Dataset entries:
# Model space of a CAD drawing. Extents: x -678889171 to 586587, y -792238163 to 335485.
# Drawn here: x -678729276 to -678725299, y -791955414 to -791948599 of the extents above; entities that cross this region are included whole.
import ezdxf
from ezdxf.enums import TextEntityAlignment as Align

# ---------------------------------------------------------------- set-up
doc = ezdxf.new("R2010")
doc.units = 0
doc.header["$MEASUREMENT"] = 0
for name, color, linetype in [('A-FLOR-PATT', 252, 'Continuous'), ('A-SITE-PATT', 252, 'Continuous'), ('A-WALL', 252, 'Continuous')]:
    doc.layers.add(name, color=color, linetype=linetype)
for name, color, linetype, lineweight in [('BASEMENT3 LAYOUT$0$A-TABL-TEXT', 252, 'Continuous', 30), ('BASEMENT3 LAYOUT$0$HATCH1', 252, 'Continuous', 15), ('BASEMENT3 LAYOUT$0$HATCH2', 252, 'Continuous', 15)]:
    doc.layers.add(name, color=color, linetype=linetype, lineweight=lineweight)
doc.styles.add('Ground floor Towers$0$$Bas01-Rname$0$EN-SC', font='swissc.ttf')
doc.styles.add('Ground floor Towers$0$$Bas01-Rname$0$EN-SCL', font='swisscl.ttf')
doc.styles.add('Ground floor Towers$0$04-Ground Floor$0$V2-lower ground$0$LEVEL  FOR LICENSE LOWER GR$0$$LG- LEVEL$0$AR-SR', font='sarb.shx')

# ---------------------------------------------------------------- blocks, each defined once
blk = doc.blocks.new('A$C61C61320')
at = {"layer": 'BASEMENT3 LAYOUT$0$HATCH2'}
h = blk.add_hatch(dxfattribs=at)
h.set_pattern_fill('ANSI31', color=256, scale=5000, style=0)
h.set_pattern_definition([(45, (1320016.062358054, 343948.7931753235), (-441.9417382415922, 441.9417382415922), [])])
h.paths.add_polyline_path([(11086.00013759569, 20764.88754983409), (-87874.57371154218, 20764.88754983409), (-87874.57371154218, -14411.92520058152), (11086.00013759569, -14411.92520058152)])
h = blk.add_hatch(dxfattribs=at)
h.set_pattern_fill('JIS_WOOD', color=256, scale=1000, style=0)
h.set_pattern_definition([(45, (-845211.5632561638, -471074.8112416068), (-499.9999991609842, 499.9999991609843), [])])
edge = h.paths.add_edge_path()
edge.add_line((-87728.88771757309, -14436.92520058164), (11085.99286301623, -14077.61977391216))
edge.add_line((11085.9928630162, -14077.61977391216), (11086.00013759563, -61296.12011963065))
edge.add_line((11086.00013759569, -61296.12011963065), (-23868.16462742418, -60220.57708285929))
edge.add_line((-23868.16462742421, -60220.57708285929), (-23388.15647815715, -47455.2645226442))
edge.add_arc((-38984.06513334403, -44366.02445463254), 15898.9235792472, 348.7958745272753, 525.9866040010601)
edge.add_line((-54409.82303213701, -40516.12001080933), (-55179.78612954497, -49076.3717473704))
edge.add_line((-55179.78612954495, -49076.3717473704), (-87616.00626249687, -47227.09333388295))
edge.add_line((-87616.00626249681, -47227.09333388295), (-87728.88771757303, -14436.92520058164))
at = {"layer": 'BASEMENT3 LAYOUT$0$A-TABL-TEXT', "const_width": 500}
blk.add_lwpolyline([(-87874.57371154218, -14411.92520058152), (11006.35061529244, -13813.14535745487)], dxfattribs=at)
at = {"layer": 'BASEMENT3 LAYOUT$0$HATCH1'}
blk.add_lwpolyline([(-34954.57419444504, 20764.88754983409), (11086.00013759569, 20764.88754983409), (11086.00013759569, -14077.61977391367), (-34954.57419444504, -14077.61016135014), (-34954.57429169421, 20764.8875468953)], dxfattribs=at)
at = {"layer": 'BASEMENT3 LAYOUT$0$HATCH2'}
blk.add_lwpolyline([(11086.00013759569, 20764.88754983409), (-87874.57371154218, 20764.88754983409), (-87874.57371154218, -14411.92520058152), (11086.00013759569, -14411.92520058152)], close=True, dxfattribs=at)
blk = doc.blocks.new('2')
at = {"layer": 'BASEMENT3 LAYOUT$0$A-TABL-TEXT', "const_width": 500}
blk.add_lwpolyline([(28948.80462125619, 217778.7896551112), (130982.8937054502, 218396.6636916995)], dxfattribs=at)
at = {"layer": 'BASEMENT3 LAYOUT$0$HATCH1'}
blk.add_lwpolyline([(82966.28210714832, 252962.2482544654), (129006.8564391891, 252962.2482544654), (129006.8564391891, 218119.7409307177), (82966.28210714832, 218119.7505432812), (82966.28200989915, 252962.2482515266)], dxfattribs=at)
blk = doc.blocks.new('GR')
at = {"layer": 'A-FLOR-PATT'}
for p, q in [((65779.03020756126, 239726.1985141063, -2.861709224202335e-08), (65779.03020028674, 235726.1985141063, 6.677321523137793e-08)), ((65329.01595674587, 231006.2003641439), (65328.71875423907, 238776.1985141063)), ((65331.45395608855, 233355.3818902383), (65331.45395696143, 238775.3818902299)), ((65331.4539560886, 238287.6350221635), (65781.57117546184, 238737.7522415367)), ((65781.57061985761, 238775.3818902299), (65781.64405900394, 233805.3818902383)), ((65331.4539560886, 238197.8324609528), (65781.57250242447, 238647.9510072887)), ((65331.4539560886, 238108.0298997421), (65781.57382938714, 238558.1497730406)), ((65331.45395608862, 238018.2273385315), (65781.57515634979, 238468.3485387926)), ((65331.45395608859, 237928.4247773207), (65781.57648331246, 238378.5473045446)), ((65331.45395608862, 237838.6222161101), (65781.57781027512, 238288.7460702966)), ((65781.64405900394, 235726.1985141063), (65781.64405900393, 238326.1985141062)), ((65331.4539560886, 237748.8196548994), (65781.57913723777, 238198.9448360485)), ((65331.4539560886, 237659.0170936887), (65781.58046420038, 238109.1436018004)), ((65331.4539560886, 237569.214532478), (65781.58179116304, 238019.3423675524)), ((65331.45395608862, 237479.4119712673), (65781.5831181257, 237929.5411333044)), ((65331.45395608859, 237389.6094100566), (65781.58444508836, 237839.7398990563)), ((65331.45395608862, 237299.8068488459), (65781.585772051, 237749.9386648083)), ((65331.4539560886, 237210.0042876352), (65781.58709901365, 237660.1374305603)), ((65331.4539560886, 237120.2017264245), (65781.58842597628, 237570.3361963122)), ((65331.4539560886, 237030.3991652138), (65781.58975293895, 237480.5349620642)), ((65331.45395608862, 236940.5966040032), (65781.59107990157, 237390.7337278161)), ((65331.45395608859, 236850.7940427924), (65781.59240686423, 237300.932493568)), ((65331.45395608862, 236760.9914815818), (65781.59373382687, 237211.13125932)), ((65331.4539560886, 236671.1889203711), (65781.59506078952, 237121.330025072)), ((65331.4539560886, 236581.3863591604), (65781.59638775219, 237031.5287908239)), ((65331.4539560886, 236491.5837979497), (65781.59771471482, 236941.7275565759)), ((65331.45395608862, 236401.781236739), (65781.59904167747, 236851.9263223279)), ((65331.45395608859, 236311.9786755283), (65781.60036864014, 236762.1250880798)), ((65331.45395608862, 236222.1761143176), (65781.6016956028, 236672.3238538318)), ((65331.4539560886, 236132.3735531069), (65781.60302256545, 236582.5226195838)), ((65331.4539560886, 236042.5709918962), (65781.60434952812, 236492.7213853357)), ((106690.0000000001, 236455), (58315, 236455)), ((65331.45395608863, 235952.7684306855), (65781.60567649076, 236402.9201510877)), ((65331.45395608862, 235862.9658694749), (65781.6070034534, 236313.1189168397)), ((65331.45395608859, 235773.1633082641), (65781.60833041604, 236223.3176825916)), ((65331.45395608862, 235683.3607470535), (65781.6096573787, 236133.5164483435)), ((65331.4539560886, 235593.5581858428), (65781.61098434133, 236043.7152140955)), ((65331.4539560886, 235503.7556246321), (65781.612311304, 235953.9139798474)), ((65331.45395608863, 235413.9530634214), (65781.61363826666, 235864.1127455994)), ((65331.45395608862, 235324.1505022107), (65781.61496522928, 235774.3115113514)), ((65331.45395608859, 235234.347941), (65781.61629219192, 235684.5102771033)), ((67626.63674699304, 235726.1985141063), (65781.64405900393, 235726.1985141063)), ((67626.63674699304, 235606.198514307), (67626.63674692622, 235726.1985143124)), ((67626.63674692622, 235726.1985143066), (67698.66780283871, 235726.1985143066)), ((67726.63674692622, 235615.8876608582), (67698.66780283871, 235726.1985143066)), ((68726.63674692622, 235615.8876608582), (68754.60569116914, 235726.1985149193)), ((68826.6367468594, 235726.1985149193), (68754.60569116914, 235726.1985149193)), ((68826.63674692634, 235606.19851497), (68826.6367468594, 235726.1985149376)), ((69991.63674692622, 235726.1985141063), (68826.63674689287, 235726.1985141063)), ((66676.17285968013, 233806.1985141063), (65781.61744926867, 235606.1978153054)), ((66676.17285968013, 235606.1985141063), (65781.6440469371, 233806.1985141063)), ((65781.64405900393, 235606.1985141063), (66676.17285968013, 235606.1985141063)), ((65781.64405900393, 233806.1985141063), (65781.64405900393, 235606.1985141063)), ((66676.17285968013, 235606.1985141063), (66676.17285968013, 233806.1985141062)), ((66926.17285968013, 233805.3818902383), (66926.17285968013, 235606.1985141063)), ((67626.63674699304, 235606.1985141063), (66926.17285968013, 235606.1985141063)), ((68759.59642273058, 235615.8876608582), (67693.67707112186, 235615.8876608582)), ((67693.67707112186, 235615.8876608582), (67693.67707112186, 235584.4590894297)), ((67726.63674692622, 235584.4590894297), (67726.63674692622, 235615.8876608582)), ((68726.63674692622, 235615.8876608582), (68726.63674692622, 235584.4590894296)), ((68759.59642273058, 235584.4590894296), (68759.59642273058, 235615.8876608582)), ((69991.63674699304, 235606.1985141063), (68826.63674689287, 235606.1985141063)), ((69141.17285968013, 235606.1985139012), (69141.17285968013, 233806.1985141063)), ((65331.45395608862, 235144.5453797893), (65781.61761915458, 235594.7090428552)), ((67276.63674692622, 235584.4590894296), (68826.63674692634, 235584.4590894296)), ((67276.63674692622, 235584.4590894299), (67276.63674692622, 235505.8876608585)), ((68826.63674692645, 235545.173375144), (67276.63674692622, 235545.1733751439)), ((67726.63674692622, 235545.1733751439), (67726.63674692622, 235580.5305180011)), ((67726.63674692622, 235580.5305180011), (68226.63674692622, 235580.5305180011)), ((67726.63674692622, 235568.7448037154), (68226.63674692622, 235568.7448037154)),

## Task description
Which lines above run from the one containing "color=color, linetype=linetype, lineweight=lineweight)" to the one containing "h.set_pattern_fill('ANSI31', color=256, scale=5000, style=0)"? Give them again exactly, both ends included.

## Exercise output
    doc.layers.add(name, color=color, linetype=linetype, lineweight=lineweight)
doc.styles.add('Ground floor Towers$0$$Bas01-Rname$0$EN-SC', font='swissc.ttf')
doc.styles.add('Ground floor Towers$0$$Bas01-Rname$0$EN-SCL', font='swisscl.ttf')
doc.styles.add('Ground floor Towers$0$04-Ground Floor$0$V2-lower ground$0$LEVEL  FOR LICENSE LOWER GR$0$$LG- LEVEL$0$AR-SR', font='sarb.shx')

# ---------------------------------------------------------------- blocks, each defined once
blk = doc.blocks.new('A$C61C61320')
at = {"layer": 'BASEMENT3 LAYOUT$0$HATCH2'}
h = blk.add_hatch(dxfattribs=at)
h.set_pattern_fill('ANSI31', color=256, scale=5000, style=0)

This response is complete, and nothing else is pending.